Andererseits muß aber auch – jenseits von pädagogischen Angelegenheiten – ein liberaler Geist
in der Familie geherrscht haben, der offene Auseinandersetzungen über die verschiedensten
Themen erlaubte. Dieser Aspekt und der große Zusammenhalt, der zwischen den Geschwistern
bestand, erklärt einigermaßen, daß Büchner sich zeit seines Lebens sehr stark an das Elternhaus
gebunden fühlte und dieses als einen seiner wesentlichen Ansprechpartner ansah.
Nachdem er seinen ersten Unterricht von der Mutter erhalten hatte, besuchte Büchner ab 1819 die
»Privat-Erziehungs- und Unterrichtsanstalt« von Carl Weitershausen in Darmstadt, wohin die
Familie 1816 übergesiedelt war, von 1825 an das dortige humanistische Gymnasium. Aus seiner
Schulzeit haben sich über 600 Seiten mit Schriften erhalten, die als Aufgaben im Rahmen des
Unterrichts verfaßt wurden. Als durchaus eigenständig können die Rede Helden-Tod der
vierhundert Pforzheimer, das Aufsatz-Fragment Über den Traum eines Arkadiers (beide 1829),
die Rede zur Verteidigung des Kato von Utika (1830) und die Rezension eines MitschülerAufsatzes Über den Selbstmord gelten (1831).
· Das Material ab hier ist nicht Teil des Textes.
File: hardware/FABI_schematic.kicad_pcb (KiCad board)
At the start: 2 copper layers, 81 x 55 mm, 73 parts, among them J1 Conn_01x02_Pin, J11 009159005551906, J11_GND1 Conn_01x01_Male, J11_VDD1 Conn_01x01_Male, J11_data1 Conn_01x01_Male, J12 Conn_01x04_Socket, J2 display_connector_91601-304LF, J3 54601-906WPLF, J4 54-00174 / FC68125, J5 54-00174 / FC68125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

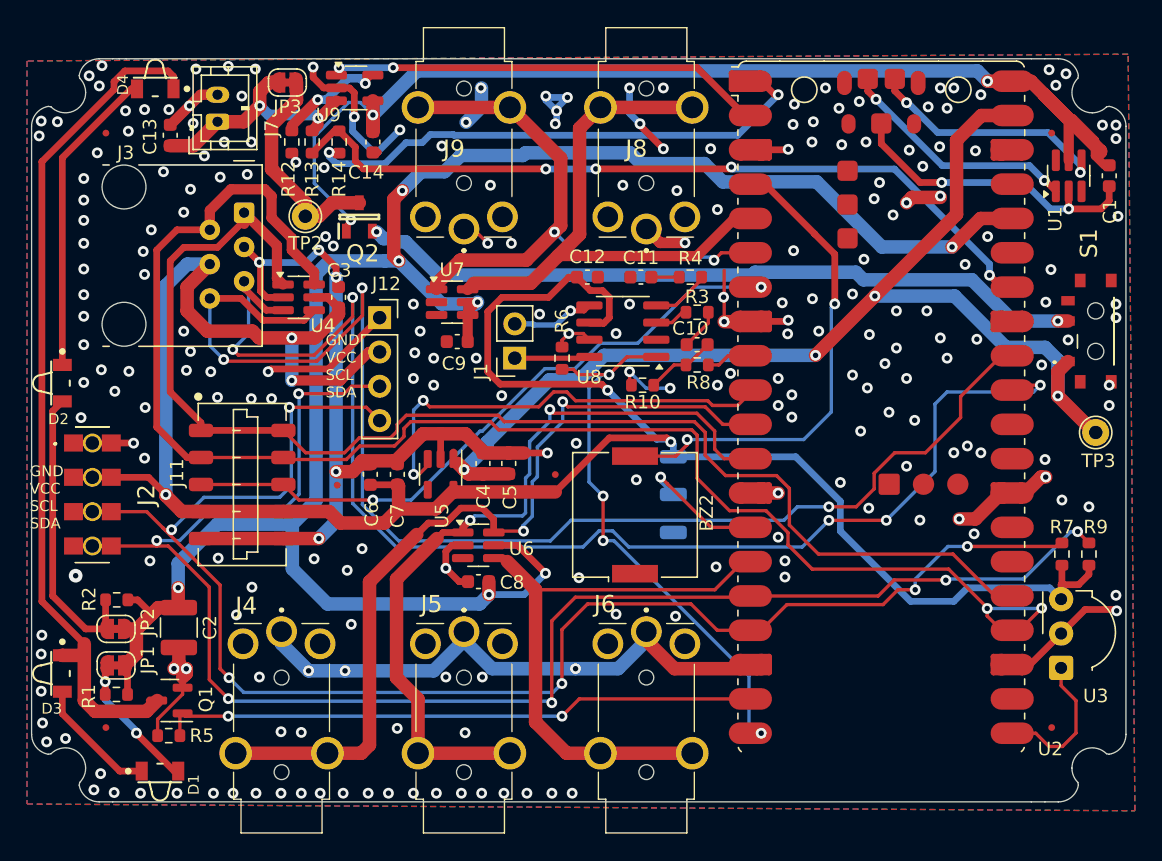
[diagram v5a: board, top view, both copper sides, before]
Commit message: Resetted to prior to commit 61a2890 (FW change) and readded HW changes/commits:
Added Battery Bed + Hole for Power Switch

Adjusted routing to improve ground/copper area coverage

Added 3D Models (54601-906WPLFc.stp, PKMCS0909E4000-R1--3DModel-STEP-56544.STEP)
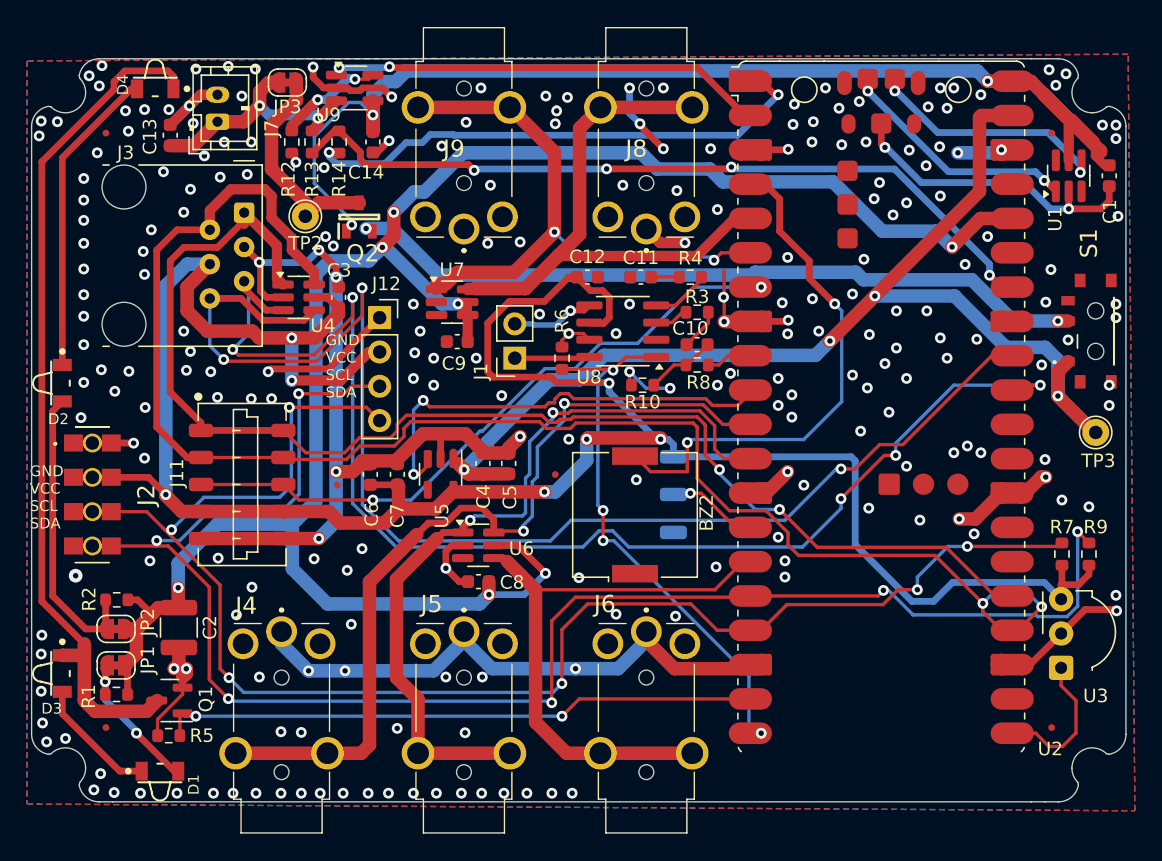
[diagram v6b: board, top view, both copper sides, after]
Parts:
- U2: value SC0918 (PicoW) -> Pico 2W
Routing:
- net GND: track 212.4 -> 199.2 mm
- net /SDA_INT: track 120.6 -> 125.6 mm
- net /NEOPIXEL: track 10.7 -> 7.58 mm
- net +3.3VADC: track 177.7 -> 180.3 mm, vias 5 -> 7
- net /BUZZER: track 35.5 -> 37.9 mm
- net VCC: track 147.6 -> 145.4 mm
- net /EXT1: track 100.4 -> 98.4 mm
- net /SDA: track 114.3 -> 115.8 mm
- net /EXT2: track 99.1 -> 97.6 mm
- net V_PWR_SWITCH: track 54.4 -> 55.5 mm
- net VBUS: track 86.4 -> 87.4 mm
- net /SCL: track 97.6 -> 96.9 mm, vias 0 -> 2

Diese Schriften des Sechzehn- bis Siebzehnjährigen zeigen – abgesehen von einer
offensichtlichen rhetorischen Begabung, die dazu führte, daß er zweimal als Redner des
halbjährlich stattfindenden Redeaktus des Gymnasiums auftrat – seine schon damals sehr
ausgeprägten Sympathien für republikanisches Gedankengut. Die Pforzheimer Bürger, die im
Dreißigjährigen Krieg dem Heere Tillys trotzten, stellt Büchner als Beispiel für unbedingten
Freiheitswillen dar; die engagierte Verteidigung von Catos Selbstmord nach der Machtergreifung
Cäsars huldigt dem römischen Zensor als Symbolfigur republikanischen Denkens und Handelns,
der einem Leben in Unfreiheit den Tod vorzog.
Büchner hatte schon als Schüler ein scharfes politisches Bewußtsein entwickelt, das ihn auch im
täglichen Leben (er trug einen »Polen-Rock« und angeblich auch eine »Jakobiner-Mütze«) seine
republikanische Haltung zeigen ließ. Er war nicht der einzige: viele seiner Schulkameraden
teilten Büchners Gesinnung und waren – anders als er – Mitglieder konspirativer oder zumindest
oppositioneller Kreise. Davon hielt sich Büchner zunächst fern; nicht etwa aus Halbherzigkeit,
sondern aus der Überzeugung, daß die Situation für revolutionäre Handlungen nicht reif sei.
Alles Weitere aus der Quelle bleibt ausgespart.